How to complete this task »
Reproduce the records word for word, leaving out any pictures they hold.

^^^^^^^^^^^^^^^^

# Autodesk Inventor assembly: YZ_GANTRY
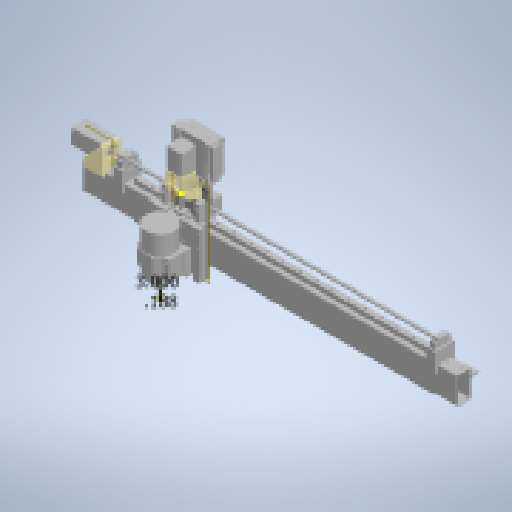
[picture p0: Inventor's stored thumbnail of the model, 512x512]
Saved by Autodesk Inventor 2023 (Build 270158000, 158)
## iProperties
Created: 2023-06-21
Part Number: YZ_GANTRY
Document SubType Name: Assembly
Designer: plebbb
Author: plebbb
## Documents named in this file (5)
- G:\CNC PROJECT\CNC_Project\YZ_GANTRY.iam
- G:\CNC PROJECT\CNC_Project\Z_GANTRY.iam
- G:\CNC PROJECT\CNC_Project\Y_GANTRY.iam
- G:\CNC PROJECT\CNC_Project\Cable_Chain_Side_Holder.ipt
- G:\CNC PROJECT\CNC_Project\Cable_Chain_Holder_Gantry.ipt
## Components (4 placed, 4 different names)
1. Z_GANTRY:1 [sub-assembly] — Flush:2
2. Y_GANTRY:1 [sub-assembly] — Mate:27
3. Cable_Chain_Side_Holder:1 — Mate:27
4. Cable_Chain_Holder_Gantry:1 — Flush:2
## Relationships (11: Mate 9, Flush 2)
- [Mate]: Z_GANTRY:1 ↔ Y_GANTRY:1
- [Mate]: Z_GANTRY:1 ↔ Y_GANTRY:1
- [Mate]: Z_GANTRY:1 ↔ Y_GANTRY:1
- [Mate]: Z_GANTRY:1 ↔ Y_GANTRY:1
- [Mate]: Z_GANTRY:1 ↔ Y_GANTRY:1
- [Mate]: Z_GANTRY:1 ↔ Y_GANTRY:1
- [Mate]: Z_GANTRY:1 ↔ Y_GANTRY:1
- [Mate]: Y_GANTRY:1 ↔ Cable_Chain_Side_Holder:1
- [Flush] (45 mm): Y_GANTRY:1 ↔ Cable_Chain_Side_Holder:1
- Mate:27 (-30 mm): Y_GANTRY:1 ↔ Cable_Chain_Side_Holder:1
- Flush:2: Z_GANTRY:1 ↔ Cable_Chain_Holder_Gantry:1
## Named parameters: d32_d65 = 0 mm, d33_d66 = 0 mm

^^^^^^^^^^^^^^^^

Solved problem »
# Autodesk Inventor assembly: YZ_GANTRY
[picture p0: Inventor's stored thumbnail of the model, 512x512]
Saved by Autodesk Inventor 2023 (Build 270158000, 158)
## iProperties
Created: 2023-06-21
Part Number: YZ_GANTRY
Document SubType Name: Assembly
Designer: plebbb
Author: plebbb
## Documents named in this file (5)
- G:\CNC PROJECT\CNC_Project\YZ_GANTRY.iam
- G:\CNC PROJECT\CNC_Project\Z_GANTRY.iam
- G:\CNC PROJECT\CNC_Project\Y_GANTRY.iam
- G:\CNC PROJECT\CNC_Project\Cable_Chain_Side_Holder.ipt
- G:\CNC PROJECT\CNC_Project\Cable_Chain_Holder_Gantry.ipt
## Components (4 placed, 4 different names)
1. Z_GANTRY:1 [sub-assembly] — Flush:2
2. Y_GANTRY:1 [sub-assembly] — Mate:27
3. Cable_Chain_Side_Holder:1 — Mate:27
4. Cable_Chain_Holder_Gantry:1 — Flush:2
## Relationships (11: Mate 9, Flush 2)
- [Mate]: Z_GANTRY:1 ↔ Y_GANTRY:1
- [Mate]: Z_GANTRY:1 ↔ Y_GANTRY:1
- [Mate]: Z_GANTRY:1 ↔ Y_GANTRY:1
- [Mate]: Z_GANTRY:1 ↔ Y_GANTRY:1
- [Mate]: Z_GANTRY:1 ↔ Y_GANTRY:1
- [Mate]: Z_GANTRY:1 ↔ Y_GANTRY:1
- [Mate]: Z_GANTRY:1 ↔ Y_GANTRY:1
- [Mate]: Y_GANTRY:1 ↔ Cable_Chain_Side_Holder:1
- [Flush] (45 mm): Y_GANTRY:1 ↔ Cable_Chain_Side_Holder:1
- Mate:27 (-30 mm): Y_GANTRY:1 ↔ Cable_Chain_Side_Holder:1
- Flush:2: Z_GANTRY:1 ↔ Cable_Chain_Holder_Gantry:1
## Named parameters: d32_d65 = 0 mm, d33_d66 = 0 mm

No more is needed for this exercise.